What is infrastructure monitoring?
Today’s infrastructure, whether it’s at large enterprises or small businesses, is becoming increasingly complex. This complexity is driven by virtualization, cloud, and mobility, with increased machine-to-machine traffic right around the corner in many cases. The challenges of modern infrastructure are compounded for IT departments by the changing nature of business — companies are more global than ever, more distributed than ever, and have applications and processes that need to be available 24/7, with downtime often meaning lost productivity or revenue.

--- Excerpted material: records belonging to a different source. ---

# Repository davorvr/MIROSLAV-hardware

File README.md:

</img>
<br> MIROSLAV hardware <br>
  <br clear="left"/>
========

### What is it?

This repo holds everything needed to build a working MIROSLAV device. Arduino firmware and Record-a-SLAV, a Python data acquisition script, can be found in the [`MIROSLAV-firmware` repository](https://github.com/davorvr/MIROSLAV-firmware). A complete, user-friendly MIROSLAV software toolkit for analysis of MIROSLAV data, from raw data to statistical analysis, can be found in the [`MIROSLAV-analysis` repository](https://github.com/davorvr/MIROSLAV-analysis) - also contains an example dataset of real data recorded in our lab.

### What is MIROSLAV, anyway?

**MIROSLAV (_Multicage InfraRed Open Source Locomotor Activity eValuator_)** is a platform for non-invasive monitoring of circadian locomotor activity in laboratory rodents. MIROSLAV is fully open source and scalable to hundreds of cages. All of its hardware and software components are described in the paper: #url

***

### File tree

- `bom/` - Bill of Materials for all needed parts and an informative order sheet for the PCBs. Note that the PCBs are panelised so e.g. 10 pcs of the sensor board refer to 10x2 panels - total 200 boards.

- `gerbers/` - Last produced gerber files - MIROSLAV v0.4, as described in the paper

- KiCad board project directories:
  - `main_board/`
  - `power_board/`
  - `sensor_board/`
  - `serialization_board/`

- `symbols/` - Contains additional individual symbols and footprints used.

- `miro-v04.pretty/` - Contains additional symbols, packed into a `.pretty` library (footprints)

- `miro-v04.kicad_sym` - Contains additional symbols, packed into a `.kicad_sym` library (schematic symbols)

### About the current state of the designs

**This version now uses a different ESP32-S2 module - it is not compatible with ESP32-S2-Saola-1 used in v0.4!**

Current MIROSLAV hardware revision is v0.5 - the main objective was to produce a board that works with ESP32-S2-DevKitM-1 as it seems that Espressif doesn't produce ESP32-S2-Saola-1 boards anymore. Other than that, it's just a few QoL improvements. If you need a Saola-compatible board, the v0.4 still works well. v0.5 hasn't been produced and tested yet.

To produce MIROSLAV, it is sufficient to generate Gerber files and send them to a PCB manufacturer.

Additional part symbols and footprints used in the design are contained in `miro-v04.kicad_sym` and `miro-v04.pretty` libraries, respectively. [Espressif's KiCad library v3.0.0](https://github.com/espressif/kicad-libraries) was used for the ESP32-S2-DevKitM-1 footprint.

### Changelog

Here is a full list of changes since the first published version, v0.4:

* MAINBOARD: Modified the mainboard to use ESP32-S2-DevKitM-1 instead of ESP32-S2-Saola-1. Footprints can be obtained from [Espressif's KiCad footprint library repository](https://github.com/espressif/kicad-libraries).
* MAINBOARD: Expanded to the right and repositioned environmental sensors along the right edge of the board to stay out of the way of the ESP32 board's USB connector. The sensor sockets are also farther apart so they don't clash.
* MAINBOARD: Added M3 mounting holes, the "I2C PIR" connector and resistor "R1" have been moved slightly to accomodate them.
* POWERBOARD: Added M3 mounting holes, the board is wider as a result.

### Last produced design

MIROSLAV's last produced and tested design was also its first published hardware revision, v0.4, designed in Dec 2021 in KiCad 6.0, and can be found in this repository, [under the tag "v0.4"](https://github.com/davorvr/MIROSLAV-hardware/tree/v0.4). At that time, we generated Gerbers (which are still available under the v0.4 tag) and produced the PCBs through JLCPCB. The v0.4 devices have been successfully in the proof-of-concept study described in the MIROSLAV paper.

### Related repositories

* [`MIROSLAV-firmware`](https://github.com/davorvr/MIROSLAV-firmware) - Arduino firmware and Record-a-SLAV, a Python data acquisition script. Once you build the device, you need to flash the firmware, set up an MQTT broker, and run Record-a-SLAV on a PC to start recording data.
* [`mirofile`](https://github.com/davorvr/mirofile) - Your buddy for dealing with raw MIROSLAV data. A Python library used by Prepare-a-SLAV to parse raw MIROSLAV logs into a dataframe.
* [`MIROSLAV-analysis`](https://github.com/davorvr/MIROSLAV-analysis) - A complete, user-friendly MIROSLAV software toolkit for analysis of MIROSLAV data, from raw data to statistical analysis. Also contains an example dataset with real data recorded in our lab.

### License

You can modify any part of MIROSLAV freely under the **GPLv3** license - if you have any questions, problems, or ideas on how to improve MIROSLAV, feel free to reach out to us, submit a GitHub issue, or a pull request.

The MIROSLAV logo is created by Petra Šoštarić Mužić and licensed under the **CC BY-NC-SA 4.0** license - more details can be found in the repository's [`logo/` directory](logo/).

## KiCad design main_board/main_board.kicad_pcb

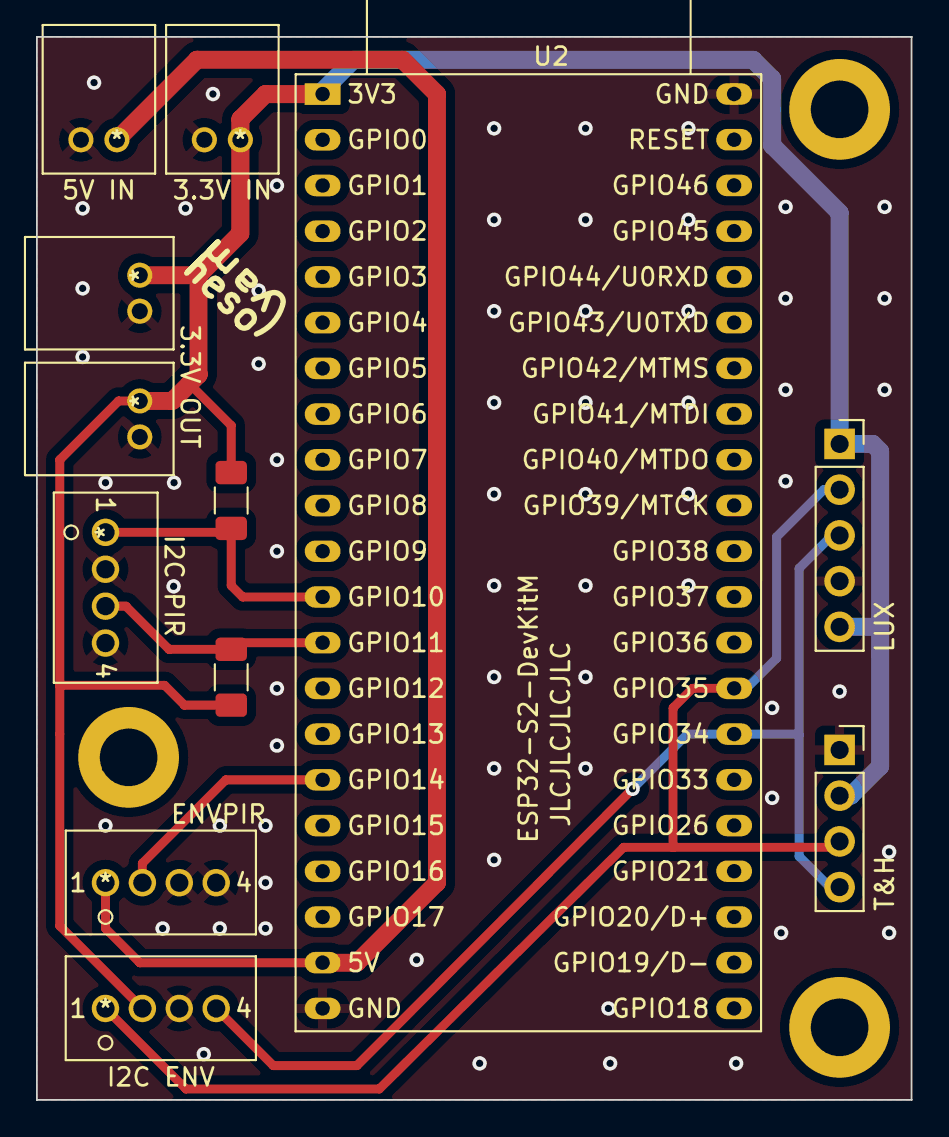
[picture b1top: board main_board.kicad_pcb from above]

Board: 2 copper layers, 48.6 x 59.1 mm, 12 parts (0 on the bottom side), 8 nets.

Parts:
J1: 5V IN; TE_HDI_2_horiz
J2: 3.3V IN; TE_HDI_2_horiz
J3: I2C PIR; TE_HDI_4_vert
J4, J5: 3.3V OUT; TE_HDI_2_horiz
J12: I2C ENV; TE_HDI_4_vert
J13: ENVPIR; TE_HDI_4_vert
LUX: BH1750 (lux); PinSocket_1x05_P2.54mm_Vertical
R1, R2: 1k; R_1206_3216Metric_Pad1.30x1.75mm_HandSolder
T&H: HDC1080 (temp&hum); PinSocket_1x04_P2.54mm_Vertical
U2: ESP32-S2-DevKitM

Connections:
+3V3: J2.1, J4.1, J5.1, J12.2, LUX.1, LUX.5, R1.2, R2.1, T&H.2, U2.1 (3V3)
+5V: J1.1, J13.1, U2.20 (5V0)
/ENVPIR_DIN: J13.2, U2.16 (GPIO14/TOUCH14/ADC2_CH3/FSPIWP/FSPIDQS)
/ENV_SCL: J12.4, LUX.3, T&H.4, U2.28 (GPIO34)
/ENV_SDA: J12.1, LUX.2, T&H.3, U2.29 (GPIO35)
/PIR_SCL: J3.3, R1.1, U2.13 (GPIO11/TOUCH11/ADC2_CH0/FSPID/FSPIIO5)
/PIR_SDA: J3.1, R2.2, U2.12 (GPIO10/TOUCH10/ADC1_CH9/FSPICS0/FSPIIO4)
GND: J1.2, J2.2, J3.2, J3.4, J4.2, J5.2, J12.3, J13.3, J13.4, LUX.4, T&H.1, U2.21 (GND), U2.42 (GND)

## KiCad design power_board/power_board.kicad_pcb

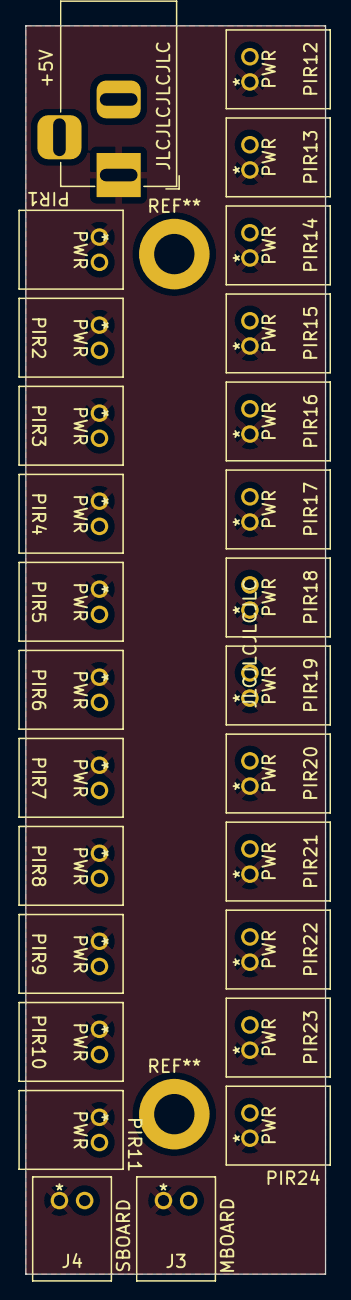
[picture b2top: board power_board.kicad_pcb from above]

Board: 2 copper layers, 23.8 x 99.1 mm, 27 parts (0 on the bottom side), 2 nets, no tracks yet.

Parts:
+5V: PWR IN; BarrelJack_Horizontal
J3: MBOARD; TE_HDI_2_horiz_altsilk
J4: SBOARD; TE_HDI_2_horiz_altsilk
PIR1, PIR2, PIR3, PIR4, PIR5, PIR6, PIR7, PIR8, PIR9, PIR10, PIR11, PIR12, PIR13, PIR14, PIR15, PIR16, PIR17, PIR18, PIR19, PIR20, PIR21, PIR22, PIR23, PIR24: PWR; TE_HDI_2_horiz_altsilk

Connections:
+5V: +5V.1, J3.1, J4.1, PIR1.1, PIR2.1, PIR3.1, PIR4.1, PIR5.1, PIR6.1, PIR7.1, PIR8.1, PIR9.1, PIR10.1, PIR11.1, PIR12.1, PIR13.1, PIR14.1, PIR15.1, PIR16.1, PIR17.1, PIR18.1, PIR19.1, PIR20.1, PIR21.1, PIR22.1, PIR23.1, PIR24.1
GND: +5V.2, +5V.3, J3.2, J4.2, PIR1.2, PIR2.2, PIR3.2, PIR4.2, PIR5.2, PIR6.2, PIR7.2, PIR8.2, PIR9.2, PIR10.2, PIR11.2, PIR12.2, PIR13.2, PIR14.2, PIR15.2, PIR16.2, PIR17.2, PIR18.2, PIR19.2, PIR20.2, PIR21.2, PIR22.2, PIR23.2, PIR24.2

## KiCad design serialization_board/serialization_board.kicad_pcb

These technical and business challenges combine to create a perfect storm for IT departments. Factor in ongoing issues including the rise of shadow IT and the ever-increasing pace of technology acquisition coming from marketing departments, and your average systems administrator or IT manager is truly behind the 8-ball. The support team needs support, and for IT, that means visibility into what is happening in their infrastructure and a rules-based approach to managing and monitoring it. Deep visibility into network traffic, carefully set alerts and dashboards and maps that can be viewed anywhere all give IT an extra hand in maintaining uptime, and more importantly, to keep an eye on their infrastructure when they can’t.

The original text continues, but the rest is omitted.